Disclaimer: The Following Is Not Legal Advice

Whenever you are drawing up an agreement or a contract, there are two things to bear in mind. Of course the first thing you need to realize is that every warranty is an implied contract, and every contract contains implied warranties. The implied distinction there is crucial. I can't overstate the cruciality of it. You also have to ask: how clear must the language be? The answer: "very clear indeed, my friend!" If there is any room at all for dispusal, you run the very real risk that the least favorable interpretation will prevail when the chips are down. Often those who are so smug in their own obtuseness find that they've misplaced a word a little to close to being interpretable, and ended up outsmarting themselves and their clients. Next stop: a black eye in the reputation department, and a fat stipend to be extracted from the bruised wallets of those who should have known better. Better to have kept it clear in the first place, wouldn't you have said?

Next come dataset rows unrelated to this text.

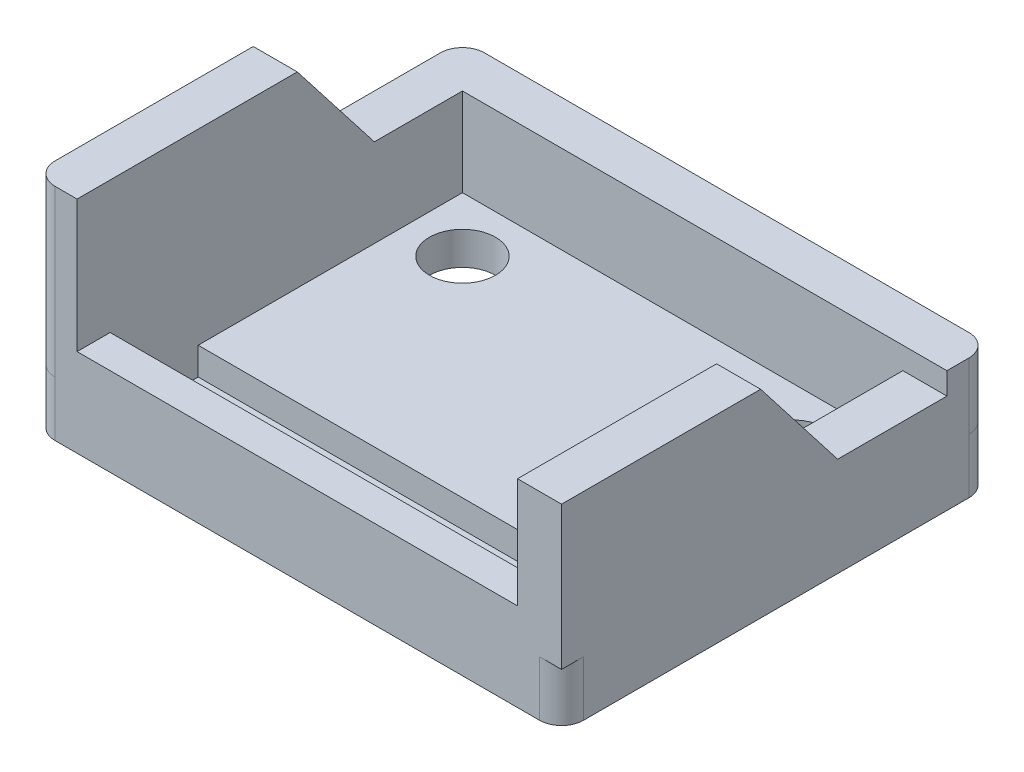
ISO-10303-21;
HEADER;
FILE_DESCRIPTION(('STEP AP214'),'2;1');
FILE_NAME('part.step','',(''),(''),'','','');
FILE_SCHEMA(('AUTOMOTIVE_DESIGN { 1 0 10303 214 1 1 1 1 }'));
ENDSEC;
DATA;
#1=APPLICATION_CONTEXT('core data for automotive mechanical design processes');
#2=APPLICATION_PROTOCOL_DEFINITION('international standard','automotive_design',2000,#1);
#3=PRODUCT_CONTEXT('',#1,'mechanical');
#4=PRODUCT('Part','Part','',(#3));
#5=PRODUCT_RELATED_PRODUCT_CATEGORY('part','',(#4));
#6=PRODUCT_DEFINITION_FORMATION('','',#4);
#7=PRODUCT_DEFINITION_CONTEXT('part definition',#1,'design');
#8=PRODUCT_DEFINITION('design','',#6,#7);
#9=PRODUCT_DEFINITION_SHAPE('','',#8);
#10=(LENGTH_UNIT() NAMED_UNIT(*) SI_UNIT(.MILLI.,.METRE.));
#11=(NAMED_UNIT(*) PLANE_ANGLE_UNIT() SI_UNIT($,.RADIAN.));
#12=(NAMED_UNIT(*) SI_UNIT($,.STERADIAN.) SOLID_ANGLE_UNIT());
#13=UNCERTAINTY_MEASURE_WITH_UNIT(LENGTH_MEASURE(1.E-05),#10,'distance_accuracy_value','');
#14=(GEOMETRIC_REPRESENTATION_CONTEXT(3) GLOBAL_UNCERTAINTY_ASSIGNED_CONTEXT((#13)) GLOBAL_UNIT_ASSIGNED_CONTEXT((#10,
#11,#12)) REPRESENTATION_CONTEXT('',''));
#15=CARTESIAN_POINT('',(0.,0.,0.));
#16=DIRECTION('',(0.,0.,1.));
#17=DIRECTION('',(1.,0.,0.));
#18=AXIS2_PLACEMENT_3D('',#15,#16,#17);
#19=CARTESIAN_POINT('',(0.,2.5,-17.5));
#20=DIRECTION('',(0.,0.,-1.));
#21=DIRECTION('',(-1.,0.,0.));
#22=AXIS2_PLACEMENT_3D('',#19,#20,#21);
#23=PLANE('',#22);
#24=DIRECTION('',(1.,0.,0.));
#25=VECTOR('',#24,1.);
#26=CARTESIAN_POINT('',(3.33184529740553,4.5,-17.5));
#27=LINE('',#26,#25);
#28=CARTESIAN_POINT('',(22.,4.5,-17.5));
#29=VERTEX_POINT('',#28);
#30=CARTESIAN_POINT('',(24.,4.5,-17.5));
#31=VERTEX_POINT('',#30);
#32=EDGE_CURVE('E242',#29,#31,#27,.T.);
#33=ORIENTED_EDGE('',*,*,#32,.T.);
#34=DIRECTION('',(0.,-1.,0.));
#35=VECTOR('',#34,1.);
#36=CARTESIAN_POINT('',(24.,0.,-17.5));
#37=LINE('',#36,#35);
#38=CARTESIAN_POINT('',(24.,5.5,-17.5));
#39=VERTEX_POINT('',#38);
#40=EDGE_CURVE('E231',#39,#31,#37,.T.);
#41=ORIENTED_EDGE('',*,*,#40,.F.);
#42=DIRECTION('',(1.,0.,0.));
#43=VECTOR('',#42,1.);
#44=CARTESIAN_POINT('',(0.,5.5,-17.5));
#45=LINE('',#44,#43);
#46=CARTESIAN_POINT('',(2.,5.5,-17.5));
#47=VERTEX_POINT('',#46);
#48=EDGE_CURVE('E255',#47,#39,#45,.T.);
#49=ORIENTED_EDGE('',*,*,#48,.F.);
#50=DIRECTION('',(0.,-1.,0.));
#51=VECTOR('',#50,1.);
#52=CARTESIAN_POINT('',(2.,2.5,-17.5));
#53=LINE('',#52,#51);
#54=CARTESIAN_POINT('',(2.,1.5,-17.5));
#55=VERTEX_POINT('',#54);
#56=EDGE_CURVE('E370',#47,#55,#53,.T.);
#57=ORIENTED_EDGE('',*,*,#56,.T.);
#58=DIRECTION('',(1.,0.,0.));
#59=VECTOR('',#58,1.);
#60=CARTESIAN_POINT('',(0.,1.5,-17.5));
#61=LINE('',#60,#59);
#62=CARTESIAN_POINT('',(22.,1.5,-17.5));
#63=VERTEX_POINT('',#62);
#64=EDGE_CURVE('E305',#55,#63,#61,.T.);
#65=ORIENTED_EDGE('',*,*,#64,.T.);
#66=DIRECTION('',(0.,-1.,0.));
#67=VECTOR('',#66,1.);
#68=CARTESIAN_POINT('',(22.,2.5,-17.5));
#69=LINE('',#68,#67);
#70=EDGE_CURVE('E367',#29,#63,#69,.T.);
#71=ORIENTED_EDGE('',*,*,#70,.F.);
#72=EDGE_LOOP('',(#33,#41,#49,#57,#65,#71));
#73=FACE_BOUND('',#72,.T.);
#74=ADVANCED_FACE('F39',(#73),#23,.F.);
#75=CARTESIAN_POINT('',(0.,4.,-1.5));
#76=DIRECTION('',(0.,0.,-1.));
#77=DIRECTION('',(-1.,0.,0.));
#78=AXIS2_PLACEMENT_3D('',#75,#76,#77);
#79=PLANE('',#78);
#80=DIRECTION('',(1.,0.,0.));
#81=VECTOR('',#80,1.);
#82=CARTESIAN_POINT('',(0.,0.25,-1.5));
#83=LINE('',#82,#81);
#84=CARTESIAN_POINT('',(2.,0.25,-1.5));
#85=VERTEX_POINT('',#84);
#86=CARTESIAN_POINT('',(22.,0.25,-1.5));
#87=VERTEX_POINT('',#86);
#88=EDGE_CURVE('E291',#85,#87,#83,.T.);
#89=ORIENTED_EDGE('',*,*,#88,.F.);
#90=DIRECTION('',(0.,-1.,0.));
#91=VECTOR('',#90,1.);
#92=CARTESIAN_POINT('',(2.,4.,-1.5));
#93=LINE('',#92,#91);
#94=CARTESIAN_POINT('',(2.,4.,-1.5));
#95=VERTEX_POINT('',#94);
#96=EDGE_CURVE('E392',#95,#85,#93,.T.);
#97=ORIENTED_EDGE('',*,*,#96,.F.);
#98=DIRECTION('',(1.,0.,0.));
#99=VECTOR('',#98,1.);
#100=CARTESIAN_POINT('',(0.,4.,-1.5));
#101=LINE('',#100,#99);
#102=CARTESIAN_POINT('',(22.,4.,-1.5));
#103=VERTEX_POINT('',#102);
#104=EDGE_CURVE('E383',#95,#103,#101,.T.);
#105=ORIENTED_EDGE('',*,*,#104,.T.);
#106=DIRECTION('',(0.,-1.,0.));
#107=VECTOR('',#106,1.);
#108=CARTESIAN_POINT('',(22.,4.,-1.5));
#109=LINE('',#108,#107);
#110=EDGE_CURVE('E395',#103,#87,#109,.T.);
#111=ORIENTED_EDGE('',*,*,#110,.T.);
#112=EDGE_LOOP('',(#89,#97,#105,#111));
#113=FACE_BOUND('',#112,.T.);
#114=ADVANCED_FACE('F454',(#113),#79,.T.);
#115=CARTESIAN_POINT('',(0.,4.,0.));
#116=DIRECTION('',(0.,0.,-1.));
#117=DIRECTION('',(-1.,0.,0.));
#118=AXIS2_PLACEMENT_3D('',#115,#116,#117);
#119=PLANE('',#118);
#120=DIRECTION('',(-1.,0.,0.));
#121=VECTOR('',#120,1.);
#122=CARTESIAN_POINT('',(21.0394327646598,10.,0.));
#123=LINE('',#122,#121);
#124=CARTESIAN_POINT('',(2.,10.,0.));
#125=VERTEX_POINT('',#124);
#126=CARTESIAN_POINT('',(1.,10.,0.));
#127=VERTEX_POINT('',#126);
#128=EDGE_CURVE('E264',#125,#127,#123,.T.);
#129=ORIENTED_EDGE('',*,*,#128,.T.);
#130=DIRECTION('',(0.,-1.,0.));
#131=VECTOR('',#130,1.);
#132=CARTESIAN_POINT('',(1.,2.5,0.));
#133=LINE('',#132,#131);
#134=CARTESIAN_POINT('',(1.,2.5,0.));
#135=VERTEX_POINT('',#134);
#136=EDGE_CURVE('E411',#127,#135,#133,.T.);
#137=ORIENTED_EDGE('',*,*,#136,.T.);
#138=DIRECTION('',(0.,-1.,0.));
#139=VECTOR('',#138,1.);
#140=CARTESIAN_POINT('',(1.00000000000001,2.5,0.));
#141=LINE('',#140,#139);
#142=CARTESIAN_POINT('',(1.00000000000001,0.,0.));
#143=VERTEX_POINT('',#142);
#144=EDGE_CURVE('E373',#135,#143,#141,.T.);
#145=ORIENTED_EDGE('',*,*,#144,.T.);
#146=DIRECTION('',(1.,0.,0.));
#147=VECTOR('',#146,1.);
#148=CARTESIAN_POINT('',(0.,0.,0.));
#149=LINE('',#148,#147);
#150=CARTESIAN_POINT('',(23.,0.,0.));
#151=VERTEX_POINT('',#150);
#152=EDGE_CURVE('E380',#143,#151,#149,.T.);
#153=ORIENTED_EDGE('',*,*,#152,.T.);
#154=DIRECTION('',(0.,-1.,0.));
#155=VECTOR('',#154,1.);
#156=CARTESIAN_POINT('',(23.,2.5,0.));
#157=LINE('',#156,#155);
#158=CARTESIAN_POINT('',(23.,2.5,0.));
#159=VERTEX_POINT('',#158);
#160=EDGE_CURVE('E364',#159,#151,#157,.T.);
#161=ORIENTED_EDGE('',*,*,#160,.F.);
#162=DIRECTION('',(1.,0.,0.));
#163=VECTOR('',#162,1.);
#164=CARTESIAN_POINT('',(3.33184529740553,2.5,0.));
#165=LINE('',#164,#163);
#166=CARTESIAN_POINT('',(24.,2.5,0.));
#167=VERTEX_POINT('',#166);
#168=EDGE_CURVE('E245',#159,#167,#165,.T.);
#169=ORIENTED_EDGE('',*,*,#168,.T.);
#170=DIRECTION('',(0.,-1.,0.));
#171=VECTOR('',#170,1.);
#172=CARTESIAN_POINT('',(24.,0.,0.));
#173=LINE('',#172,#171);
#174=CARTESIAN_POINT('',(24.,9.,0.));
#175=VERTEX_POINT('',#174);
#176=EDGE_CURVE('E237',#175,#167,#173,.T.);
#177=ORIENTED_EDGE('',*,*,#176,.F.);
#178=DIRECTION('',(1.,0.,0.));
#179=VECTOR('',#178,1.);
#180=CARTESIAN_POINT('',(3.33184529740553,9.,0.));
#181=LINE('',#180,#179);
#182=CARTESIAN_POINT('',(22.,9.,0.));
#183=VERTEX_POINT('',#182);
#184=EDGE_CURVE('E247',#183,#175,#181,.T.);
#185=ORIENTED_EDGE('',*,*,#184,.F.);
#186=DIRECTION('',(0.,1.,0.));
#187=VECTOR('',#186,1.);
#188=CARTESIAN_POINT('',(22.,0.,0.));
#189=LINE('',#188,#187);
#190=CARTESIAN_POINT('',(22.,4.,0.));
#191=VERTEX_POINT('',#190);
#192=EDGE_CURVE('E440',#191,#183,#189,.T.);
#193=ORIENTED_EDGE('',*,*,#192,.F.);
#194=DIRECTION('',(1.,0.,0.));
#195=VECTOR('',#194,1.);
#196=CARTESIAN_POINT('',(0.,4.,0.));
#197=LINE('',#196,#195);
#198=CARTESIAN_POINT('',(2.,4.,0.));
#199=VERTEX_POINT('',#198);
#200=EDGE_CURVE('E389',#199,#191,#197,.T.);
#201=ORIENTED_EDGE('',*,*,#200,.F.);
#202=DIRECTION('',(0.,-1.,0.));
#203=VECTOR('',#202,1.);
#204=CARTESIAN_POINT('',(2.,0.,0.));
#205=LINE('',#204,#203);
#206=EDGE_CURVE('E271',#125,#199,#205,.T.);
#207=ORIENTED_EDGE('',*,*,#206,.F.);
#208=EDGE_LOOP('',(#129,#137,#145,#153,#161,#169,#177,#185,#193,#201,#207));
#209=FACE_BOUND('',#208,.T.);
#210=ADVANCED_FACE('F416',(#209),#119,.F.);
#211=CARTESIAN_POINT('',(0.,4.,0.));
#212=DIRECTION('',(0.,1.,0.));
#213=DIRECTION('',(0.,0.,1.));
#214=AXIS2_PLACEMENT_3D('',#211,#212,#213);
#215=PLANE('',#214);
#216=DIRECTION('',(0.,0.,1.));
#217=VECTOR('',#216,1.);
#218=CARTESIAN_POINT('',(22.,4.,0.));
#219=LINE('',#218,#217);
#220=EDGE_CURVE('E381',#103,#191,#219,.T.);
#221=ORIENTED_EDGE('',*,*,#220,.F.);
#222=ORIENTED_EDGE('',*,*,#104,.F.);
#223=DIRECTION('',(0.,0.,1.));
#224=VECTOR('',#223,1.);
#225=CARTESIAN_POINT('',(2.,4.,0.));
#226=LINE('',#225,#224);
#227=EDGE_CURVE('E386',#95,#199,#226,.T.);
#228=ORIENTED_EDGE('',*,*,#227,.T.);
#229=ORIENTED_EDGE('',*,*,#200,.T.);
#230=EDGE_LOOP('',(#221,#222,#228,#229));
#231=FACE_BOUND('',#230,.T.);
#232=ADVANCED_FACE('F450',(#231),#215,.T.);
#233=CARTESIAN_POINT('',(0.,0.,0.));
#234=DIRECTION('',(0.,1.,0.));
#235=DIRECTION('',(0.,0.,1.));
#236=AXIS2_PLACEMENT_3D('',#233,#234,#235);
#237=PLANE('',#236);
#238=ORIENTED_EDGE('',*,*,#152,.F.);
#239=CARTESIAN_POINT('',(1.,0.,-1.));
#240=DIRECTION('',(0.,1.,0.));
#241=DIRECTION('',(0.,0.,1.));
#242=AXIS2_PLACEMENT_3D('',#239,#240,#241);
#243=CIRCLE('',#242,1.);
#244=CARTESIAN_POINT('',(0.,0.,-1.00000000000001));
#245=VERTEX_POINT('',#244);
#246=EDGE_CURVE('E343',#143,#245,#243,.F.);
#247=ORIENTED_EDGE('',*,*,#246,.T.);
#248=DIRECTION('',(0.,0.,-1.));
#249=VECTOR('',#248,1.);
#250=CARTESIAN_POINT('',(0.,0.,0.));
#251=LINE('',#250,#249);
#252=CARTESIAN_POINT('',(0.,0.,-18.5));
#253=VERTEX_POINT('',#252);
#254=EDGE_CURVE('E340',#245,#253,#251,.T.);
#255=ORIENTED_EDGE('',*,*,#254,.T.);
#256=CARTESIAN_POINT('',(1.,0.,-18.5));
#257=DIRECTION('',(0.,1.,0.));
#258=DIRECTION('',(0.,0.,1.));
#259=AXIS2_PLACEMENT_3D('',#256,#257,#258);
#260=CIRCLE('',#259,1.);
#261=CARTESIAN_POINT('',(1.00000000000001,0.,-19.5));
#262=VERTEX_POINT('',#261);
#263=EDGE_CURVE('E324',#253,#262,#260,.F.);
#264=ORIENTED_EDGE('',*,*,#263,.T.);
#265=DIRECTION('',(1.,0.,0.));
#266=VECTOR('',#265,1.);
#267=CARTESIAN_POINT('',(0.,0.,-19.5));
#268=LINE('',#267,#266);
#269=CARTESIAN_POINT('',(23.,0.,-19.5));
#270=VERTEX_POINT('',#269);
#271=EDGE_CURVE('E329',#262,#270,#268,.T.);
#272=ORIENTED_EDGE('',*,*,#271,.T.);
#273=CARTESIAN_POINT('',(23.,0.,-18.5));
#274=DIRECTION('',(0.,1.,0.));
#275=DIRECTION('',(0.,0.,1.));
#276=AXIS2_PLACEMENT_3D('',#273,#274,#275);
#277=CIRCLE('',#276,1.);
#278=CARTESIAN_POINT('',(24.,0.,-18.5));
#279=VERTEX_POINT('',#278);
#280=EDGE_CURVE('E351',#270,#279,#277,.F.);
#281=ORIENTED_EDGE('',*,*,#280,.T.);
#282=DIRECTION('',(0.,0.,-1.));
#283=VECTOR('',#282,1.);
#284=CARTESIAN_POINT('',(24.,0.,0.));
#285=LINE('',#284,#283);
#286=CARTESIAN_POINT('',(24.,0.,-1.00000000000001));
#287=VERTEX_POINT('',#286);
#288=EDGE_CURVE('E348',#287,#279,#285,.T.);
#289=ORIENTED_EDGE('',*,*,#288,.F.);
#290=CARTESIAN_POINT('',(23.,0.,-1.));
#291=DIRECTION('',(0.,1.,0.));
#292=DIRECTION('',(0.,0.,1.));
#293=AXIS2_PLACEMENT_3D('',#290,#291,#292);
#294=CIRCLE('',#293,1.);
#295=EDGE_CURVE('E346',#151,#287,#294,.T.);
#296=ORIENTED_EDGE('',*,*,#295,.F.);
#297=EDGE_LOOP('',(#238,#247,#255,#264,#272,#281,#289,#296));
#298=FACE_BOUND('',#297,.T.);
#299=CARTESIAN_POINT('',(4.5,0.,-15.));
#300=DIRECTION('',(0.,1.,0.));
#301=DIRECTION('',(0.,0.,1.));
#302=AXIS2_PLACEMENT_3D('',#299,#300,#301);
#303=CIRCLE('',#302,1.5);
#304=CARTESIAN_POINT('',(4.5,0.,-13.5));
#305=VERTEX_POINT('',#304);
#306=EDGE_CURVE('E297',#305,#305,#303,.T.);
#307=ORIENTED_EDGE('',*,*,#306,.T.);
#308=EDGE_LOOP('',(#307));
#309=FACE_BOUND('',#308,.T.);
#310=CARTESIAN_POINT('',(19.5,0.,-15.));
#311=DIRECTION('',(0.,1.,0.));
#312=DIRECTION('',(0.,0.,1.));
#313=AXIS2_PLACEMENT_3D('',#310,#311,#312);
#314=CIRCLE('',#313,1.5);
#315=CARTESIAN_POINT('',(19.5,0.,-13.5));
#316=VERTEX_POINT('',#315);
#317=EDGE_CURVE('E302',#316,#316,#314,.F.);
#318=ORIENTED_EDGE('',*,*,#317,.F.);
#319=EDGE_LOOP('',(#318));
#320=FACE_BOUND('',#319,.T.);
#321=ADVANCED_FACE('F423',(#298,#309,#320),#237,.F.);
#322=CARTESIAN_POINT('',(1.,2.5,-18.5));
#323=DIRECTION('',(0.,-1.,0.));
#324=DIRECTION('',(0.,0.,-1.));
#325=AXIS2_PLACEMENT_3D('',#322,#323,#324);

The next step to understanding your position is to take a closer look at the underpinnings of the whole she-bang. Who said what where first may not be relevant here. In fact, it's far more likely to backfire, depending on the specifics. A blunter approach is called for: all the concerned parties should meet together in one of those rooms with a big table in it, and hash things out in a very tense standoff-like atmosphere, like one of those scenes in a movie.

An alternate approach is the ever-popular two-ostensibly-antagonistic-lawyers-meet-informally-and-haggle-out-the-fates-of-their-respective-clients'-lives-while-eating-lunch-and-cracking-off-color-jokes. This approach may work, but unless you're one of the two lawyers you are bound to miss out on the whole unfolding aspect of it.

Which might not be a bad thing, depending on your personal preference.